The child you adopt will change your lives, too, because you’ll quickly fall in love with her, as parents always do. From then on, a passionate, tigerlike fury will spring up in you if anyone rejects her, mocks her or says mean things about her.
Will you be strong enough to defend her if they do? Can you do it without embarrassing her? And if you can’t, will you be flexible enough to move to an integrated city neighborhood, where people will accept her more easily, or even move to another state?
Will you build your own support group and find your own resources before you adopt, so you won’t feel so alone later on, and will you see that she always has a few role models who look like her, so she won’t feel so alone?
You’ll also need to think about how you’re going to answer your child’s questions about race. But what I tell people is that most of all you have to educate yourself about your child’s culture of origin, regardless of ethnicity. You need to educate yourself in part so that you can educate them, but also so that you can make sure your child has access to and learns about his or her culture of origin.
And, yes, that goes beyond books. If you’re considering adopting an African American child, you need to look at your own life, at where you live and the people in your life. Do you live in a diverse area? Are there African Americans in your neighborhood? Any families? Do any of them have children? Are there any African Americans among your close friends? Are these people a significant part of your life?
Having a child changes your life, but in the case of transracial adoption you may have to change your life before you bring a child into it. Because your child will need to grow up seeing and interacting with people who look like him or her, both in order not to feel isolated by growing up the only person of color in an all-white environment. You may not have had that experience, and it might not occur to you that your child will. But there are still some places in this country where it’s possible to live and work and rarely — if ever — see a black or brown face, unless you count service workers. You may live just such a place.
It’s similar to what gay parents face. I’m on the board of Rainbow Families DC in part because of how important it is for the children of LGBT parents to see families like theirs and make friends with kids who have LGBT parents. They need those connections with people whose experiences are similar to theirs. And I know that as much as I love my sons, there will be times that they will need to share with others about things that — not being a child of gay parents — I might not readily understand. However much I want to be there for them, there will be times they will need others. My job, then, as parent is to make sure that opportunity is available to them.
There’s another side to the coin, though. When I look at the profiles of older children waiting to be adopted, I can’t help noticing how many of them are African American.
Christine M. Calpin, associate commissioner at the Administration for Children and Families at the Department of Health and Human Services, had not seen the report, but she said the law had helped minority children in foster care find permanent homes.

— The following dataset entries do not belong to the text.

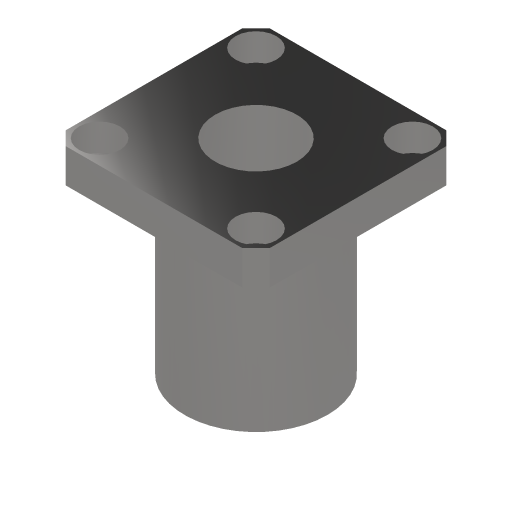
# Autodesk Inventor part: LM12UU
Saved by Autodesk Inventor 2023.2 (Build 272271000, 271)
## iProperties
Created: 2020-05-09
Part Number: LM12UU
Material: Stainless Steel
Document SubType Name: Modeling
Designer: Remo
Mass: 55.9832 g
Surface Area: 35.767 cm^2
Volume: 6.9979 cm^3
Density: 8 g/cm^3
Appearance: Semi-Polished
Author: Remo
Autodesk Inventor part; units mm, degrees
ref_plane "YZ Plane" through (0, 0, 0) normal (1, 0, 0) x (0, 1, 0)
ref_plane "XZ Plane" through (0, 0, 0) normal (0, 1, 0) x (-1, 0, 0)
ref_plane "XY Plane" through (0, 0, 0) normal (0, 0, 1) x (1, 0, 0)
sketch "Sketch1" plane through (0, 0, 0) normal (0, 0, 1) x (1, 0, 0)
  circle A0 centre (0, 0) radius 10.5
  circle A1 centre (0, 0) radius 6
  dimension "d0" = 12
  dimension "d1" = 21
  constraints: 2 centre point, 2 coincident
  measures "d0" diameter of A1
  measures "d1" diameter of A0
extrude "Extrusion1" add sketch "Sketch1" along normal blind 30
sketch "Sketch2" plane through (0, 0, 30) normal (0, 0, 1) x (1, 0, 0)
  circle A0 centre (0, 0) radius 6 projected
  circle A1 centre (0, 0) radius 10.5 projected
  line L0 (-15, -15) -> (15, -15)
  line L1 (15, -15) -> (15, 15)
  line L2 (15, 15) -> (-15, 15)
  line L3 (-15, 15) -> (-15, -15)
  line L4 (-15, -15) -> (15, 15) construction
  line L5 (15, -15) -> (-15, 15) construction
  dimension "d4" = 30
  constraints: 12 end point, 2 midpoint, 2 parallel, 2 perpendicular, 1 horizontal
  measures "d4" distance of L0.start L0.end
extrude "Extrusion2" add sketch "Sketch2" against normal blind 5 contours L3 L2 L1 L0
chamfer "Chamfer1" distance 2 angle 45 4 edges at (-15, 15, 27.5) (-15, -15, 27.5) (15, -15, 27.5) (15, 15, 27.5)
sketch "Sketch3" plane through (0, 0, 30) normal (0, 0, 1) x (1, 0, 0)
  point P0 (0, 0)
  point P1 (11.5, 11.5)
  point P2 (11.5, -11.5)
  point P3 (-11.5, -11.5)
  point P4 (-11.5, 11.5)
  dimension "d10" = 23
  dimension "d11" = 11.5
  dimension "d12" = 11.5
  dimension "d13" = 23
  constraints: 2 horizontal alignment, 2 vertical alignment
  measures "d10" distance of point (11.5, -11.5) point (11.5, 11.5)
  measures "d11" horizontal distance of point (11.5, 11.5) point (0, 0)
  measures "d12" horizontal distance of point (11.5, 11.5) point (0, 0)
  measures "d13" distance of point (11.5, 11.5) point (-11.5, 11.5)
hole "Hole1" at (11.5, 11.5, 30) at (11.5, -11.5, 30) at (-11.5, -11.5, 30) at (-11.5, 11.5, 30) direction (0, 0, -1) diameter 3 depth 8 tip angle 118 counterbore diameter 6 counterbore depth 4
equation "\"d11\" = 0.5 * d10"
equation "\"d12\" = d11"
equation "\"d13\" = d10"
body "Solid1"

“I have not seen any research which suggests that federal law has not been beneficial to minority children,” Ms. Calpin said. “We have seen what happens when race is allowed to be a consideration. Children are waiting longer in foster care to be adopted.”
Supporters of the current law say it has led to an increase in transracial adoptions and a decrease in the amount of time minority children spend in foster care before being adopted.
Ultimately, kids need stable, safe homes with good, loving parents. So, ultimately, though transracial adoption holds challenges for aoptive parents — challenges they should be aware of — anything that means fewer children are languishing in the foster care system, and more are finding permanent homes is a good thing.